In Fiction, do the long lasting empires exist because there are no major technological or social advancements, or are their no major technological and social advancements because the empires are so long lasting and resist/fear change? They sort of feed into and onto each other.

 

Like in physics, objects in motion will stay that way until something else interrupts its motion or direction. 

 

What would the USA (and the rest of the world) be like if we had never invented the train, automobile or plane? If everyone still had to get around by horse, boat or on foot? There would be no internet, not gps, no satellites, all long distance communication would still be by letter and take months to reach the person it was sent to. If that was the case, there would still be large areas of the planet we wouldn't know about or only have legends and rumors of. The population would be way smaller, medical breakthroughs would be rare and take decades to spread around the globe. Most people would still be farmers as there would be no quick way to move food large distances before it rotted away.

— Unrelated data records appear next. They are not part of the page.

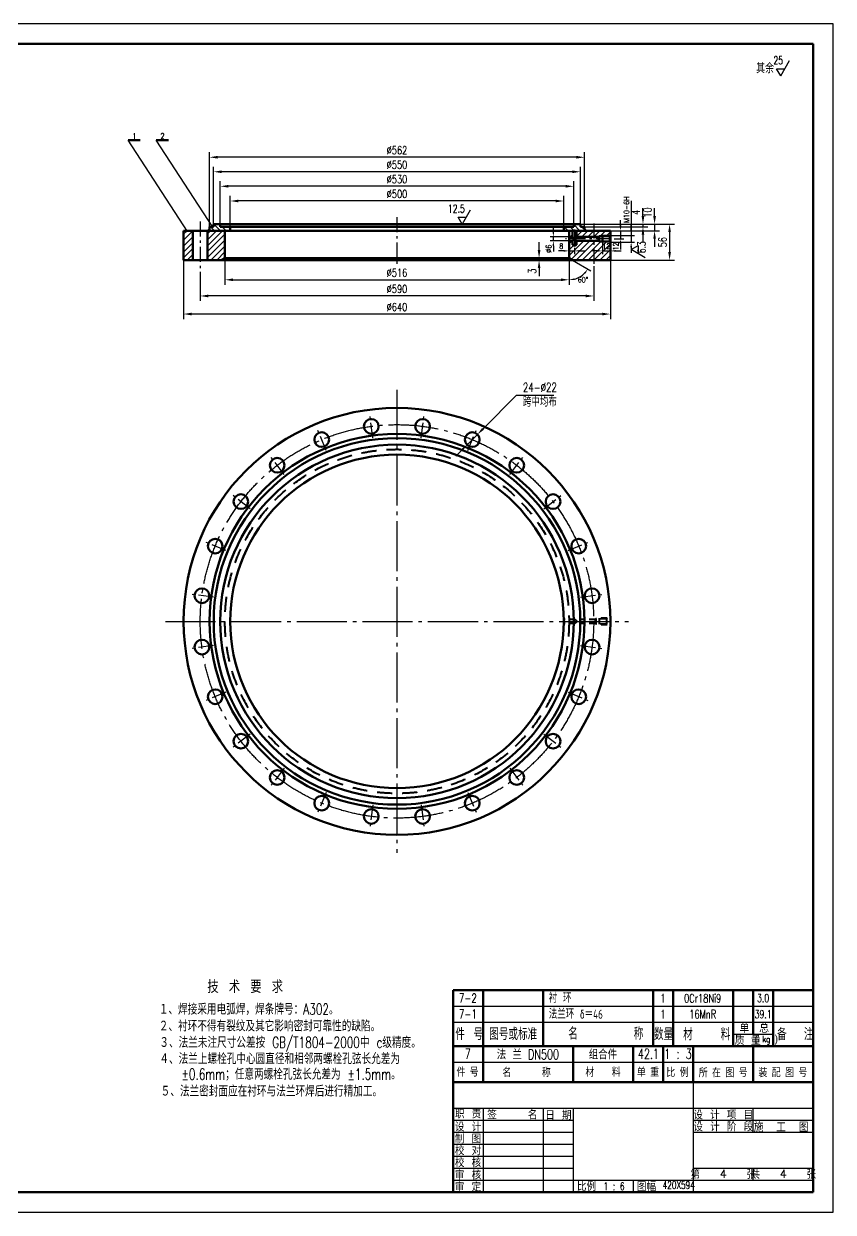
# Model space of a CAD drawing. Extents: x 0 to 25472, y -20 to 7186.
# Drawn here: x 18602 to 21030, y -8 to 3556 of the extents above; entities that cross this region are included whole.
import ezdxf
from ezdxf.enums import TextEntityAlignment as Align

# ---------------------------------------------------------------- set-up
doc = ezdxf.new("R2010")
doc.units = 0
doc.header["$LTSCALE"] = 60
doc.header["$MEASUREMENT"] = 0
doc.header["$PDMODE"] = 1
for name, pattern in [('XX-L', [1.25, 0.75, -0.5]), ('XX-S', [0.5, 0.3, -0.2]), ('ZXX-L', [3.28, 2.5, -0.3, 0.18, -0.3]), ('ZXX-S', [1.27, 0.75, -0.2, 0.12, -0.2])]:
    doc.linetypes.add(name, pattern=pattern)
doc.layers.get('Defpoints').update_dxf_attribs({"linetype": 'CONTINUOUS'})
for name, color, linetype, lineweight in [('A 粗实线', 1, 'CONTINUOUS', 60), ('B 细实线', 7, 'CONTINUOUS', 30), ('C 文 字', 2, 'CONTINUOUS', 30), ('D 短中心线', 3, 'ZXX-S', 30), ('E 长中心线', 3, 'ZXX-L', 30), ('F 短虚线', 6, 'XX-S', 40), ('G 长虚线', 6, 'XX-L', 40)]:
    doc.layers.add(name, color=color, linetype=linetype, lineweight=lineweight)
doc.styles.add('HZTXT', font='TXT.SHX', dxfattribs={"width": 0.75, "bigfont": 'HZTXT'})
doc.styles.add('ROMANC', font='romanc', dxfattribs={"width": 0.7, "height": 6})
doc.styles.add('标题中文', font='SimSun.ttf', dxfattribs={"width": 0.7})
doc.dimstyles.new('通用标注4.0', dxfattribs={"dimtxt": 4, "dimasz": 4, "dimexe": 2.5, "dimexo": 0, "dimgap": 1.5, "dimtad": 1, "dimdec": 0, "dimzin": 0, "dimdsep": 46, "dimtxsty": 'HZTXT', "dimcen": 0, "dimadec": 0, "dimazin": 0, "dimtfac": 0.375, "dimtdec": 0, "dimtmove": 2, "dimatfit": 3, "dimfxl": 0, "dimtzin": 0, "dimarcsym": 0})
pattern_1 = [(45, (-4059.864, 271.717), (-8.838835, 8.838835), [])]
pattern_2 = [(135, (-4059.864, 271.717), (-8.838835, -8.838835), [])]

# ---------------------------------------------------------------- blocks, each defined once
blk = doc.blocks.new('*D181')
at = {"layer": 'C 文 字', "color": 0, "lineweight": -2}
for p, q in [((19159.6, 2947.3), (19159.6, 3170.9)), ((20259.6, 3155.9), (19183.6, 3155.9)), ((20283.6, 2947.3), (20283.6, 3170.9))]:
    blk.add_line(p, q, dxfattribs=at)
at = {"layer": 'C 文 字', "color": 0}
for points in [[(19183.6, 3159.9), (19183.6, 3151.9), (19159.6, 3155.9)], [(20259.6, 3159.9), (20259.6, 3151.9), (20283.6, 3155.9)]]:
    blk.add_solid(points, dxfattribs=at)
at = {"layer": 'Defpoints', "color": 0}
for p in [(19159.6, 3155.9), (19159.6, 2947.3), (20283.6, 2947.3)]:
    blk.add_point(p, dxfattribs=at)
at = {"layer": 'C 文 字', "color": 0, "insert": (19721.6, 3176.9), "char_height": 24, "attachment_point": 5, "style": 'HZTXT'}
blk.add_mtext('%%c562', dxfattribs=at)
blk = doc.blocks.new('*D187')
at = {"layer": 'C 文 字', "color": 0, "lineweight": -2}
for p, q in [((20494.1, 2979.3), (20494.1, 3003.3)), ((20271.6, 2955.3), (20509.1, 2955.3)), ((20361.6, 2935.3), (20509.1, 2935.3)), ((20494.1, 2955.3), (20494.1, 2935.3)), ((20494.1, 2911.3), (20494.1, 2887.3))]:
    blk.add_line(p, q, dxfattribs=at)
at = {"layer": 'C 文 字', "color": 0}
for points in [[(20490.1, 2979.3), (20498.1, 2979.3), (20494.1, 2955.3)], [(20490.1, 2911.3), (20498.1, 2911.3), (20494.1, 2935.3)]]:
    blk.add_solid(points, dxfattribs=at)
at = {"layer": 'Defpoints', "color": 0}
for p in [(20271.6, 2955.3), (20361.6, 2935.3), (20494.1, 2935.3)]:
    blk.add_point(p, dxfattribs=at)
at = {"layer": 'C 文 字', "color": 0, "insert": (20473.1, 2990.1), "char_height": 24, "attachment_point": 5, "rotation": 90, "style": 'HZTXT'}
blk.add_mtext('10', dxfattribs=at)
blk = doc.blocks.new('*D186')
at = {"layer": 'C 文 字', "color": 0, "lineweight": -2}
for p, q in [((20459.3, 2979.3), (20459.3, 3003.3)), ((20271.6, 2955.3), (20474.3, 2955.3)), ((20283.6, 2947.3), (20474.3, 2947.3)), ((20459.3, 2955.3), (20459.3, 2947.3)), ((20459.3, 2923.3), (20459.3, 2899.3))]:
    blk.add_line(p, q, dxfattribs=at)
at = {"layer": 'C 文 字', "color": 0}
for points in [[(20455.3, 2979.3), (20463.3, 2979.3), (20459.3, 2955.3)], [(20455.3, 2923.3), (20463.3, 2923.3), (20459.3, 2947.3)]]:
    blk.add_solid(points, dxfattribs=at)
at = {"layer": 'Defpoints', "color": 0}
for p in [(20271.6, 2955.3), (20283.6, 2947.3), (20459.3, 2947.3)]:
    blk.add_point(p, dxfattribs=at)
at = {"layer": 'C 文 字', "color": 0, "insert": (20438.3, 2990.4), "char_height": 24, "attachment_point": 5, "rotation": 90, "style": 'HZTXT'}
blk.add_mtext('4', dxfattribs=at)
blk = doc.blocks.new('*D188')
at = {"layer": 'C 文 字', "color": 0, "lineweight": -2}
for p, q in [((20391.8, 2955.3), (20554.1, 2955.3)), ((20539.1, 2931.3), (20539.1, 2871.3)), ((20361.6, 2847.3), (20554.1, 2847.3))]:
    blk.add_line(p, q, dxfattribs=at)
at = {"layer": 'C 文 字', "color": 0}
for points in [[(20535.1, 2931.3), (20543.1, 2931.3), (20539.1, 2955.3)], [(20535.1, 2871.3), (20543.1, 2871.3), (20539.1, 2847.3)]]:
    blk.add_solid(points, dxfattribs=at)
at = {"layer": 'Defpoints', "color": 0}
for p in [(20391.8, 2955.3), (20361.6, 2847.3), (20539.1, 2847.3)]:
    blk.add_point(p, dxfattribs=at)
at = {"layer": 'C 文 字', "color": 0, "insert": (20518.1, 2901.3), "char_height": 24, "attachment_point": 5, "rotation": 90, "style": 'HZTXT'}
blk.add_mtext('56', dxfattribs=at)
blk = doc.blocks.new('*D193')
at = {"layer": 'C 文 字', "color": 0, "lineweight": -2}
for p, q in [((19081.6, 2847.3), (19081.6, 2670.7)), ((20361.6, 2847.3), (20361.6, 2670.7)), ((20337.6, 2685.7), (19105.6, 2685.7))]:
    blk.add_line(p, q, dxfattribs=at)
at = {"layer": 'C 文 字', "color": 0}
for points in [[(19105.6, 2689.7), (19105.6, 2681.7), (19081.6, 2685.7)], [(20337.6, 2689.7), (20337.6, 2681.7), (20361.6, 2685.7)]]:
    blk.add_solid(points, dxfattribs=at)
at = {"layer": 'Defpoints', "color": 0}
for p in [(19081.6, 2847.3), (20361.6, 2847.3), (19081.6, 2685.7)]:
    blk.add_point(p, dxfattribs=at)
at = {"layer": 'C 文 字', "color": 0, "insert": (19721.6, 2706.7), "char_height": 24, "attachment_point": 5, "style": 'HZTXT'}
blk.add_mtext('%%c640', dxfattribs=at)
blk = doc.blocks.new('*D180')
at = {"layer": 'C 文 字', "color": 0, "lineweight": -2}
for p, q in [((19171.6, 2955.3), (19171.6, 3127.3)), ((20247.6, 3112.3), (19195.6, 3112.3)), ((20271.6, 2955.3), (20271.6, 3127.3))]:
    blk.add_line(p, q, dxfattribs=at)
at = {"layer": 'C 文 字', "color": 0}
for points in [[(19195.6, 3116.3), (19195.6, 3108.3), (19171.6, 3112.3)], [(20247.6, 3116.3), (20247.6, 3108.3), (20271.6, 3112.3)]]:
    blk.add_solid(points, dxfattribs=at)
at = {"layer": 'Defpoints', "color": 0}
for p in [(19171.6, 3112.3), (19171.6, 2955.3), (20271.6, 2955.3)]:
    blk.add_point(p, dxfattribs=at)
at = {"layer": 'C 文 字', "color": 0, "insert": (19721.6, 3133.3), "char_height": 24, "attachment_point": 5, "style": 'HZTXT'}
blk.add_mtext('%%c550', dxfattribs=at)
blk = doc.blocks.new('*D179')
at = {"layer": 'C 文 字', "color": 0, "lineweight": -2}
for p, q in [((19191.6, 2955.3), (19191.6, 3083.8)), ((20227.6, 3068.8), (19215.6, 3068.8)), ((20251.6, 2955.3), (20251.6, 3083.8))]:
    blk.add_line(p, q, dxfattribs=at)
at = {"layer": 'C 文 字', "color": 0}
for points in [[(19215.6, 3072.8), (19215.6, 3064.8), (19191.6, 3068.8)], [(20227.6, 3072.8), (20227.6, 3064.8), (20251.6, 3068.8)]]:
    blk.add_solid(points, dxfattribs=at)
at = {"layer": 'Defpoints', "color": 0}
for p in [(19191.6, 3068.8), (19191.6, 2955.3), (20251.6, 2955.3)]:
    blk.add_point(p, dxfattribs=at)
at = {"layer": 'C 文 字', "color": 0, "insert": (19721.6, 3089.8), "char_height": 24, "attachment_point": 5, "style": 'HZTXT'}
blk.add_mtext('%%c530', dxfattribs=at)
blk = doc.blocks.new('*D192')
at = {"layer": 'C 文 字', "color": 0, "lineweight": -2}
for p, q in [((20311.6, 2829.3), (20311.6, 2724.9)), ((19131.6, 2811.8), (19131.6, 2724.9)), ((20287.6, 2739.9), (19155.6, 2739.9))]:
    blk.add_line(p, q, dxfattribs=at)
at = {"layer": 'C 文 字', "color": 0}
for points in [[(19155.6, 2743.9), (19155.6, 2735.9), (19131.6, 2739.9)], [(20287.6, 2743.9), (20287.6, 2735.9), (20311.6, 2739.9)]]:
    blk.add_solid(points, dxfattribs=at)
at = {"layer": 'Defpoints', "color": 0}
for p in [(20311.6, 2829.3), (19131.6, 2811.8), (19131.6, 2739.9)]:
    blk.add_point(p, dxfattribs=at)
at = {"layer": 'C 文 字', "color": 0, "insert": (19721.6, 2760.9), "char_height": 24, "attachment_point": 5, "style": 'HZTXT'}
blk.add_mtext('%%c590', dxfattribs=at)
blk = doc.blocks.new('*D191')
at = {"layer": 'C 文 字', "color": 0, "lineweight": -2}
for p, q in [((19205.6, 2853.3), (19205.6, 2773.4)), ((20237.6, 2853.3), (20237.6, 2773.4)), ((19229.6, 2788.4), (20213.6, 2788.4))]:
    blk.add_line(p, q, dxfattribs=at)
at = {"layer": 'C 文 字', "color": 0}
for points in [[(19229.6, 2792.4), (19229.6, 2784.4), (19205.6, 2788.4)], [(20213.6, 2792.4), (20213.6, 2784.4), (20237.6, 2788.4)]]:
    blk.add_solid(points, dxfattribs=at)
at = {"layer": 'Defpoints', "color": 0}
for p in [(19205.6, 2853.3), (20237.6, 2853.3), (20237.6, 2788.4)]:
    blk.add_point(p, dxfattribs=at)
at = {"layer": 'C 文 字', "color": 0, "insert": (19721.6, 2809.4), "char_height": 24, "attachment_point": 5, "style": 'HZTXT'}
blk.add_mtext('%%c516', dxfattribs=at)
blk = doc.blocks.new('*D190')
at = {"layer": 'C 文 字', "color": 0, "lineweight": -2}
for p, q in [((19221.6, 2947.3), (19221.6, 3039.7)), ((20221.6, 2947.3), (20221.6, 3039.7)), ((20197.6, 3024.7), (19245.6, 3024.7))]:
    blk.add_line(p, q, dxfattribs=at)
at = {"layer": 'C 文 字', "color": 0}
for points in [[(19245.6, 3028.7), (19245.6, 3020.7), (19221.6, 3024.7)], [(20197.6, 3028.7), (20197.6, 3020.7), (20221.6, 3024.7)]]:
    blk.add_solid(points, dxfattribs=at)
at = {"layer": 'Defpoints', "color": 0}
for p in [(19221.6, 3024.7), (19221.6, 2947.3), (20221.6, 2947.3)]:
    blk.add_point(p, dxfattribs=at)
at = {"layer": 'C 文 字', "color": 0, "insert": (19721.6, 3045.7), "char_height": 24, "attachment_point": 5, "style": 'HZTXT'}
blk.add_mtext('%%c500', dxfattribs=at)
blk = doc.blocks.new('*D185')
at = {"layer": 'C 文 字', "color": 0, "lineweight": -2}
for p, q in [((20423.9, 3025.3), (20423.9, 2921.3)), ((20423.9, 2937.3), (20423.9, 2953.3)), ((20361.6, 2921.3), (20433.9, 2921.3)), ((20361.6, 2901.3), (20433.9, 2901.3)), ((20423.9, 2921.3), (20423.9, 2901.3)), ((20423.9, 2921.3), (20423.9, 2901.3)), ((20423.9, 2885.3), (20423.9, 2869.3))]:
    blk.add_line(p, q, dxfattribs=at)
at = {"layer": 'C 文 字', "color": 0}
for points in [[(20421.2, 2937.3), (20426.6, 2937.3), (20423.9, 2921.3)], [(20421.2, 2885.3), (20426.6, 2885.3), (20423.9, 2901.3)]]:
    blk.add_solid(points, dxfattribs=at)
at = {"layer": 'Defpoints', "color": 0}
for p in [(20361.6, 2921.3), (20361.6, 2901.3), (20423.9, 2901.3)]:
    blk.add_point(p, dxfattribs=at)
at = {"layer": 'C 文 字', "color": 0, "insert": (20409.9, 2998.6), "char_height": 16, "attachment_point": 5, "rotation": 90, "style": 'HZTXT'}
blk.add_mtext('M10-6H', dxfattribs=at)
blk = doc.blocks.new('*D184')
at = {"layer": 'C 文 字', "color": 0, "lineweight": -2}
for p, q in [((20391.8, 2951.3), (20391.8, 2967.3)), ((20361.6, 2935.3), (20401.8, 2935.3)), ((20391.8, 2935.3), (20391.8, 2911.3)), ((20372.7, 2911.3), (20401.8, 2911.3)), ((20391.8, 2895.3), (20391.8, 2879.3))]:
    blk.add_line(p, q, dxfattribs=at)
at = {"layer": 'C 文 字', "color": 0}
for points in [[(20389.2, 2951.3), (20394.5, 2951.3), (20391.8, 2935.3)], [(20389.2, 2895.3), (20394.5, 2895.3), (20391.8, 2911.3)]]:
    blk.add_solid(points, dxfattribs=at)
at = {"layer": 'Defpoints', "color": 0}
for p in [(20361.6, 2935.3), (20372.7, 2911.3), (20391.8, 2911.3)]:
    blk.add_point(p, dxfattribs=at)
at = {"layer": 'C 文 字', "color": 0, "insert": (20377.8, 2888.5), "char_height": 16, "attachment_point": 5, "rotation": 90, "style": 'HZTXT'}
blk.add_mtext('12', dxfattribs=at)
blk = doc.blocks.new('*D183')
at = {"layer": 'C 文 字', "color": 0, "lineweight": -2}
for p, q in [((20190.5, 2933.3), (20190.5, 2949.3)), ((20237.6, 2917.3), (20180.5, 2917.3)), ((20237.6, 2905.3), (20180.5, 2905.3)), ((20190.5, 2905.3), (20190.5, 2917.3)), ((20190.5, 2889.3), (20190.5, 2873.3))]:
    blk.add_line(p, q, dxfattribs=at)
at = {"layer": 'C 文 字', "color": 0}
for points in [[(20187.9, 2933.3), (20193.2, 2933.3), (20190.5, 2917.3)], [(20187.9, 2889.3), (20193.2, 2889.3), (20190.5, 2905.3)]]:
    blk.add_solid(points, dxfattribs=at)
at = {"layer": 'Defpoints', "color": 0}
for p in [(20190.5, 2917.3), (20237.6, 2917.3), (20237.6, 2905.3)]:
    blk.add_point(p, dxfattribs=at)
at = {"layer": 'C 文 字', "color": 0, "insert": (20176.5, 2881.6), "char_height": 16, "attachment_point": 5, "rotation": 90, "style": 'HZTXT'}
blk.add_mtext('%%c6', dxfattribs=at)
blk = doc.blocks.new('*D194')
at = {"layer": 'C 文 字', "color": 0, "lineweight": -2}
for p, q in [((20147.8, 2877.3), (20147.8, 2901.3)), ((20237.6, 2853.3), (20132.8, 2853.3)), ((20147.8, 2853.3), (20147.8, 2847.3)), ((20237.6, 2847.3), (20132.8, 2847.3)), ((20147.8, 2823.3), (20147.8, 2799.3))]:
    blk.add_line(p, q, dxfattribs=at)
at = {"layer": 'C 文 字', "color": 0}
for points in [[(20143.8, 2877.3), (20151.8, 2877.3), (20147.8, 2853.3)], [(20143.8, 2823.3), (20151.8, 2823.3), (20147.8, 2847.3)]]:
    blk.add_solid(points, dxfattribs=at)
at = {"layer": 'Defpoints', "color": 0}
for p in [(20237.6, 2853.3), (20147.8, 2847.3), (20237.6, 2847.3)]:
    blk.add_point(p, dxfattribs=at)
at = {"layer": 'C 文 字', "color": 0, "insert": (20126.7, 2814.3), "char_height": 24, "attachment_point": 5, "rotation": 90, "style": 'HZTXT'}
blk.add_mtext('3', dxfattribs=at)
blk = doc.blocks.new('*D182')
at = {"layer": 'C 文 字', "color": 0, "lineweight": -2}
for p, q in [((20237.6, 2905.3), (20237.6, 2865.1)), ((20221.6, 2875.1), (20205.6, 2875.1)), ((20237.6, 2875.1), (20253.6, 2875.1)), ((20253.6, 2884.3), (20253.6, 2865.1)), ((20269.6, 2875.1), (20285.6, 2875.1))]:
    blk.add_line(p, q, dxfattribs=at)
at = {"layer": 'C 文 字', "color": 0}
for points in [[(20221.6, 2877.8), (20221.6, 2872.4), (20237.6, 2875.1)], [(20269.6, 2877.8), (20269.6, 2872.4), (20253.6, 2875.1)]]:
    blk.add_solid(points, dxfattribs=at)
at = {"layer": 'Defpoints', "color": 0}
for p in [(20237.6, 2905.3), (20253.6, 2884.3), (20253.6, 2875.1)]:
    blk.add_point(p, dxfattribs=at)
at = {"layer": 'C 文 字', "color": 0, "insert": (20214.1, 2889.1), "char_height": 16, "attachment_point": 5, "style": 'HZTXT'}
blk.add_mtext('8', dxfattribs=at)
blk = doc.blocks.new('*D189')
at = {"layer": 'C 文 字', "color": 0, "lineweight": -2}
for p, q in [((20337.6, 2901.3), (20337.6, 2865.1)), ((20361.6, 2901.3), (20361.6, 2865.1)), ((20321.6, 2875.1), (20305.6, 2875.1)), ((20337.6, 2875.1), (20361.6, 2875.1)), ((20377.6, 2875.1), (20393.6, 2875.1))]:
    blk.add_line(p, q, dxfattribs=at)
at = {"layer": 'C 文 字', "color": 0}
for points in [[(20321.6, 2877.8), (20321.6, 2872.4), (20337.6, 2875.1)], [(20377.6, 2877.8), (20377.6, 2872.4), (20361.6, 2875.1)]]:
    blk.add_solid(points, dxfattribs=at)
at = {"layer": 'Defpoints', "color": 0}
for p in [(20337.6, 2901.3), (20361.6, 2901.3), (20361.6, 2875.1)]:
    blk.add_point(p, dxfattribs=at)
at = {"layer": 'C 文 字', "color": 0, "insert": (20349.6, 2889.1), "char_height": 16, "attachment_point": 5, "style": 'HZTXT'}
blk.add_mtext('12', dxfattribs=at)

msp = doc.modelspace()

# ---------------------------------------------------------------- hatches: boundary and pattern name
at = {"layer": 'B 细实线'}
h = msp.add_hatch(dxfattribs=at)
h.set_pattern_fill('ANSI31', color=256, scale=100, style=0)
h.set_pattern_definition(pattern_1)
h.paths.add_polyline_path([(19109.6, 2935.3), (19081.6, 2935.3), (19081.6, 2847.3), (19109.6, 2847.3)])
h.paths.add_polyline_path([(19153.6, 2847.3), (19195.2, 2847.3), (19205.6, 2853.3), (19205.6, 2935.3), (19153.6, 2935.3)])
h = msp.add_hatch(dxfattribs=at)
h.set_pattern_fill('ANSI31', color=256, scale=100, angle=90, style=0)
h.set_pattern_definition(pattern_2)
h.paths.add_polyline_path([(19221.6, 2947.3), (19191.6, 2947.3), (19191.6, 2955.3), (19171.6, 2955.3), (19171.6, 2947.3), (19159.6, 2947.3), (19159.6, 2935.3), (19221.6, 2935.3)])
h = msp.add_hatch(dxfattribs=at)
h.set_pattern_fill('ANSI31', color=256, scale=100, angle=90, style=0)
h.set_pattern_definition(pattern_2)
h.paths.add_polyline_path([(20283.6, 2947.3), (20271.6, 2947.3), (20271.6, 2955.3), (20251.6, 2955.3), (20251.6, 2947.3), (20221.6, 2947.3), (20221.6, 2935.3), (20283.6, 2935.3)])
h = msp.add_hatch(dxfattribs=at)
h.set_pattern_fill('ANSI31', color=256, scale=100, style=0)
h.set_pattern_definition(pattern_1)
h.paths.add_polyline_path([(20247.6, 2935.3), (20237.6, 2935.3), (20237.6, 2917.3), (20247.6, 2917.3)])
h.paths.add_polyline_path([(20311.6, 2905.3), (20259.6, 2905.3), (20259.6, 2893.3), (20253.6, 2889.8), (20247.6, 2893.3), (20247.6, 2905.3), (20237.6, 2905.3), (20237.6, 2853.3), (20248, 2847.3), (20311.6, 2847.3)])
h.paths.add_polyline_path([(20311.6, 2935.3), (20259.6, 2935.3), (20259.6, 2917.3), (20311.6, 2917.3)])
h.paths.add_polyline_path([(20361.6, 2935.3), (20311.6, 2935.3), (20311.6, 2917.3), (20325.6, 2917.3), (20327.6, 2919.3), (20337.6, 2919.3), (20337.6, 2921.3), (20361.6, 2921.3)])
h.paths.add_polyline_path([(20361.6, 2921.3), (20337.6, 2921.3), (20337.6, 2919.3), (20359.6, 2919.3)], flags=17)
h.paths.add_polyline_path([(20361.6, 2901.3), (20337.6, 2901.3), (20337.6, 2903.3), (20327.6, 2903.3), (20325.6, 2905.3), (20311.6, 2905.3), (20311.6, 2847.3), (20361.6, 2847.3)])
h.paths.add_polyline_path([(20359.6, 2903.3), (20337.6, 2903.3), (20337.6, 2901.3), (20361.6, 2901.3)], flags=17)
h.paths.add_polyline_path([(20340.3, 2901.1), (20358.9, 2901.1), (20358.9, 2877.1), (20340.3, 2877.1)], flags=24)

# ---------------------------------------------------------------- linework, layer by layer
at = {"layer": 'A 粗实线', "color": 5, "lineweight": 120}
for p, q in [((20969.9, 3496.2), (16133.9, 3496.2)), ((20969.9, 52.2), (20969.9, 3496.2)), ((16133.9, 52.2), (20969.9, 52.2))]:
    msp.add_line(p, q, dxfattribs=at)
at = {"layer": 'A 粗实线'}
for p, q in [((18915.8, 3206.9), (18951.9, 3206.9)), ((18999.9, 3206.9), (19036.1, 3206.9)), ((19081.6, 2935.3), (19721.6, 2935.3)), ((19081.6, 2935.3), (19081.6, 2847.3)), ((19109.6, 2935.3), (19109.6, 2847.3)), ((19153.6, 2935.3), (19153.6, 2847.3)), ((19154.6, 2935.3), (19159.6, 2940.5)), ((19159.6, 2947.3), (19159.6, 2935.3)), ((19159.6, 2947.3), (19159.6, 2947.3)), ((19159.6, 2947.3), (19171.6, 2947.3)), ((20271.6, 2955.3), (19171.6, 2955.3)), ((19171.6, 2955.3), (19171.6, 2947.3)), ((19191.6, 2955.3), (19191.6, 2947.3)), ((19191.6, 2947.3), (19721.6, 2947.3)), ((19191.6, 2947.3), (19191.6, 2947.3)), ((19205.6, 2935.3), (19205.6, 2853.3)), ((19221.6, 2947.3), (19221.6, 2935.3)), ((20251.6, 2947.3), (19721.6, 2947.3)), ((20361.6, 2935.3), (19721.6, 2935.3)), ((20221.6, 2947.3), (20221.6, 2935.3)), ((20237.6, 2935.3), (20237.6, 2853.3)), ((20247.6, 2935.3), (20247.6, 2917.3)), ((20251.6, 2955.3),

Almost definitely no electricity or power grids in any town or city. 

 

We would still be living in a pre-industrial era society, as all those advancements came from easy travel, steam engines, mass production and movement of large amounts materials, resources, and people, etc... and more importantly quickly moving ideas, information and technology from one end of society to another. Someone invents the telegraph and within a few years everyone in the USA can communicate with each other in minutes or hours instead of months. That was only because the trainlines were already in place and allowed the quick building of the telegraph poles and infrastructure along those routes and they could send all the materials needed to the places that didn't have them (metal mining, copper wires, correct tools. None of those were mined or available in most parts of the USA, so all had to be premade/mined and shipped by train to the town and cities along the routes. If they had to send all that by horse-drawn wagon it would have taken decades to build, and probably wouldn't have been done at all. (Of course, without trains and the materials they provided it would be highly unlikely anyone could build a telegraph in the first place as very few places would have all the things needed in one location (metal tooling machines, copper, electricity, education, etc...) for someone to figure it all out.)

 

So it is not impossible to believe that in a world without mass transit, engines, motors, electricity, rapid communication and dissemination of ideas and technology, combined with magic, monsters, wizards, long-lived races reluctant to change, and lets not forget "Gods" that directly interact with the people of the world (at a minimum via spells, divinations, etc... but also potentially direct involvement) that kingdoms and empires would last a lot longer then they do in our world. 

 

Plus, "big numbers" are epic and fantasy, even realistic fantasy, should still be larger then life in some regards.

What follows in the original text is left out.